Monday, August 22, 2011

Can ‘Space Aliens’ Save Us?

Paul Krugman thinks so

From: antiwar.com
by , August 15, 2011



Why is the United States constantly at war? If we look at the last half century or so, there is hardly a time when we haven’t been engaged in some major conflict with a purportedly global threat to our very existence. The first such threat was Germany (on two occasions), and its Japanese fascist ally, two regimes whose appeal was nationally-limited and whose inherent instability would have defeated them in any case. The second such “threat” was the Soviet Union, and what Louis Bromfield derided as the “international psychopathic cult” of Marxist-Leninism – both of which collapsed under the weight of their own irrationality as the 1990s dawned.

For a while, there was no Major Threat in sight, and American politics soon reverted back to its pre-WWI “isolationist” slumber. With the drain on our economic resources stanched, investment – and its offspring, technological innovation – picked up: the US economy took off, and we enjoyed an era of prosperity. Unfortunately, this didn’t last long: a new Global Threat soon loomed over the horizon – Islamism!

The 9/11 terrorist attacks were a boon to the out-of-work War Party, and they certainly rose to the occasion: two wars, two ongoing military occupations, and a great swathe of the Middle East added to the American empire. And in just a few short years! Great work, except there’s a few problems: we’re bankrupt, saddled with a $14 trillion debt, the economy is tanking, the real unemployment rate is easily double the “official” rate of around 9 percent, and America has become Food Stamp Nation.

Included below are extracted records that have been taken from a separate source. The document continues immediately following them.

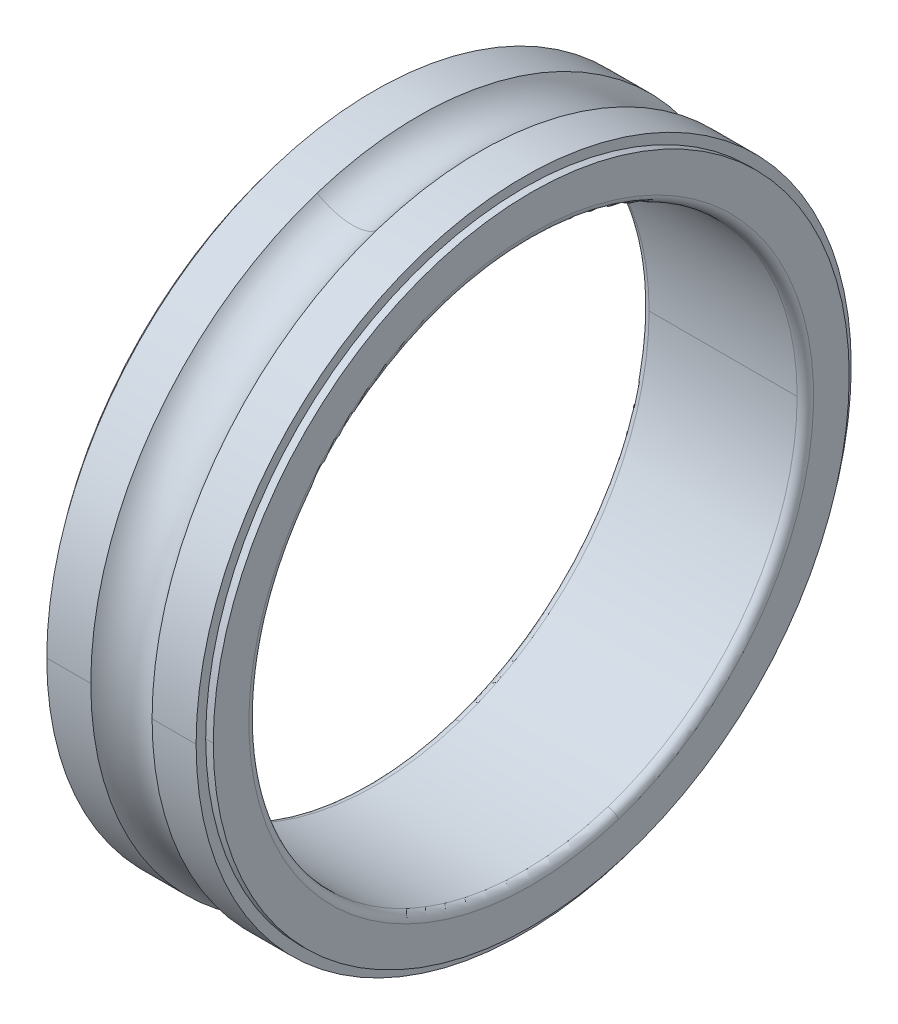
ISO-10303-21;
HEADER;
FILE_DESCRIPTION(('STEP AP214'),'2;1');
FILE_NAME('part.step','',(''),(''),'','','');
FILE_SCHEMA(('AUTOMOTIVE_DESIGN { 1 0 10303 214 1 1 1 1 }'));
ENDSEC;
DATA;
#1=APPLICATION_CONTEXT('core data for automotive mechanical design processes');
#2=APPLICATION_PROTOCOL_DEFINITION('international standard','automotive_design',2000,#1);
#3=PRODUCT_CONTEXT('',#1,'mechanical');
#4=PRODUCT('Part','Part','',(#3));
#5=PRODUCT_RELATED_PRODUCT_CATEGORY('part','',(#4));
#6=PRODUCT_DEFINITION_FORMATION('','',#4);
#7=PRODUCT_DEFINITION_CONTEXT('part definition',#1,'design');
#8=PRODUCT_DEFINITION('design','',#6,#7);
#9=PRODUCT_DEFINITION_SHAPE('','',#8);
#10=(LENGTH_UNIT() NAMED_UNIT(*) SI_UNIT(.MILLI.,.METRE.));
#11=(NAMED_UNIT(*) PLANE_ANGLE_UNIT() SI_UNIT($,.RADIAN.));
#12=(NAMED_UNIT(*) SI_UNIT($,.STERADIAN.) SOLID_ANGLE_UNIT());
#13=UNCERTAINTY_MEASURE_WITH_UNIT(LENGTH_MEASURE(1.E-05),#10,'distance_accuracy_value','');
#14=(GEOMETRIC_REPRESENTATION_CONTEXT(3) GLOBAL_UNCERTAINTY_ASSIGNED_CONTEXT((#13)) GLOBAL_UNIT_ASSIGNED_CONTEXT((#10,
#11,#12)) REPRESENTATION_CONTEXT('',''));
#15=CARTESIAN_POINT('',(0.,0.,0.));
#16=DIRECTION('',(0.,0.,1.));
#17=DIRECTION('',(1.,0.,0.));
#18=AXIS2_PLACEMENT_3D('',#15,#16,#17);
#19=CARTESIAN_POINT('',(0.,23.2,0.));
#20=DIRECTION('',(-1.,0.,0.));
#21=DIRECTION('',(0.,0.,1.));
#22=AXIS2_PLACEMENT_3D('',#19,#20,#21);
#23=PLANE('',#22);
#24=CARTESIAN_POINT('',(0.,0.,0.));
#25=DIRECTION('',(1.,0.,0.));
#26=DIRECTION('',(0.,0.,-1.));
#27=AXIS2_PLACEMENT_3D('',#24,#25,#26);
#28=CIRCLE('',#27,20.6);
#29=CARTESIAN_POINT('',(0.,19.5917642356802,6.36575008412392));
#30=VERTEX_POINT('',#29);
#31=CARTESIAN_POINT('',(0.,-19.5917642356802,-6.36575008412391));
#32=VERTEX_POINT('',#31);
#33=EDGE_CURVE('E11',#30,#32,#28,.T.);
#34=ORIENTED_EDGE('',*,*,#33,.T.);
#35=CARTESIAN_POINT('',(0.,-19.5917642356802,-6.36575008412391));
#36=CARTESIAN_POINT('',(0.,-18.5917939374484,-9.44318841882153));
#37=CARTESIAN_POINT('',(0.,-16.9878189121259,-12.3244696761459));
#38=CARTESIAN_POINT('',(0.,-14.8301439081799,-14.8506463708877));
#39=CARTESIAN_POINT('',(0.,-9.64059307015196,-18.9207220201268));
#40=CARTESIAN_POINT('',(0.,-3.29748713005487,-20.7268471819803));
#41=CARTESIAN_POINT('',(0.,0.0144982221817608,-20.9875117299781));
#42=CARTESIAN_POINT('',(0.,6.56204077262533,-20.1958848561819));
#43=CARTESIAN_POINT('',(0.,12.3244205690632,-16.9877755003788));
#44=CARTESIAN_POINT('',(0.,14.8506582270348,-14.8301573053641));
#45=CARTESIAN_POINT('',(0.,18.9207249957623,-9.64058723013851));
#46=CARTESIAN_POINT('',(0.,20.7268293745621,-3.29748541289759));
#47=CARTESIAN_POINT('',(0.,20.9875757152384,0.0144840105020361));
#48=CARTESIAN_POINT('',(0.,20.5916441385153,3.28828237818147));
#49=CARTESIAN_POINT('',(0.,19.5917642356802,6.36575008412391));
#50=B_SPLINE_CURVE_WITH_KNOTS('',5,(#35,#36,#37,#38,#39,#40,#41,#42,#43,#44,#45,#46,#47,#48,
#49),.UNSPECIFIED.,.F.,.F.,(6,3,3,3,6),(0.,0.785398163397448,1.5707963267949,2.35619449019234,
3.14159265358979),.UNSPECIFIED.);
#51=EDGE_CURVE('E26',#32,#30,#50,.T.);
#52=ORIENTED_EDGE('',*,*,#51,.T.);
#53=EDGE_LOOP('',(#34,#52));
#54=FACE_BOUND('',#53,.T.);
#55=CARTESIAN_POINT('',(0.,0.,0.));
#56=DIRECTION('',(1.,0.,0.));
#57=DIRECTION('',(0.,0.,-1.));
#58=AXIS2_PLACEMENT_3D('',#55,#56,#57);
#59=CIRCLE('',#58,23.2);
#60=CARTESIAN_POINT('',(0.,0.,23.2));
#61=VERTEX_POINT('',#60);
#62=CARTESIAN_POINT('',(0.,0.,-23.2));
#63=VERTEX_POINT('',#62);
#64=EDGE_CURVE('E400',#61,#63,#59,.T.);
#65=ORIENTED_EDGE('',*,*,#64,.F.);
#66=CARTESIAN_POINT('',(0.,0.,0.));
#67=DIRECTION('',(1.,0.,0.));
#68=DIRECTION('',(0.,0.,-1.));
#69=AXIS2_PLACEMENT_3D('',#66,#67,#68);
#70=CIRCLE('',#69,23.2);
#71=EDGE_CURVE('E395',#63,#61,#70,.T.);
#72=ORIENTED_EDGE('',*,*,#71,.F.);
#73=EDGE_LOOP('',(#65,#72));
#74=FACE_BOUND('',#73,.T.);
#75=ADVANCED_FACE('F17',(#54,#74),#23,.T.);
#76=CARTESIAN_POINT('',(12.,0.,0.));
#77=DIRECTION('',(1.,0.,0.));
#78=DIRECTION('',(0.,-1.,0.));
#79=AXIS2_PLACEMENT_3D('',#76,#77,#78);
#80=CYLINDRICAL_SURFACE('',#79,23.2);
#81=DIRECTION('',(1.,0.,0.));
#82=VECTOR('',#81,1.);
#83=CARTESIAN_POINT('',(0.,0.,23.2));
#84=LINE('',#83,#82);
#85=CARTESIAN_POINT('',(0.552,0.,23.2));
#86=VERTEX_POINT('',#85);
#87=EDGE_CURVE('E391',#61,#86,#84,.T.);
#88=ORIENTED_EDGE('',*,*,#87,.T.);
#89=CARTESIAN_POINT('',(0.552,0.,0.));
#90=DIRECTION('',(1.,0.,0.));
#91=DIRECTION('',(0.,0.,-1.));
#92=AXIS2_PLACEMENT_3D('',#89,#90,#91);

But don’t worry, Paul Krugman has the solution. Speaking with Fareed Zakaria on the news program GPS, he posited the following scenario, riffing off a comment by Harvard economist Ken Rogoff:

“Rogoff: ‘Infrastructure spending, if it were well-spent, that’s great. I’m all for that. I’d borrow for that, assuming we’re not paying Boston Big Dig kind of prices for the infrastructure.’

“Zakaria: ‘But even if you were, wouldn’t John Maynard Keynes say that if you could employ people to dig a ditch and then fill it up again, that’s fine, they’re being productively employed, they’ll pay taxes, so maybe Boston’s Big Dig was just fine after all.’

“Krugman: ‘Think about World War II, right? That was actually negative social product spending, and yet it brought us out. I mean, probably because you want to put these things together, if we say, “Look, we could use some inflation.” Ken and I are both saying that [Rogoff nods], which is, of course, anathema to a lot of people in Washington but is, in fact, what basic logic says. It’s very hard to get inflation in a depressed economy. But if you had a program of government spending plus an expansionary policy by the Fed, you could get that. So, if you think about using all of these things together, you could accomplish a great deal.’

“’If we discovered that space aliens were planning to attack and we needed a massive buildup to counter the space alien threat and really inflation and budget deficits took secondary place to that, this slump would be over in 18 months. And then if we discovered, oops, we made a mistake, there aren’t any aliens, we’d be better –‘

“Rogoff: ‘And we need Orson Welles, is what you’re saying.’

“Krugman: ‘No, there was a Twilight Zone episode like this in which scientists fake an alien threat in order to achieve world peace. Well, this time…we need it in order to get some fiscal stimulus.’”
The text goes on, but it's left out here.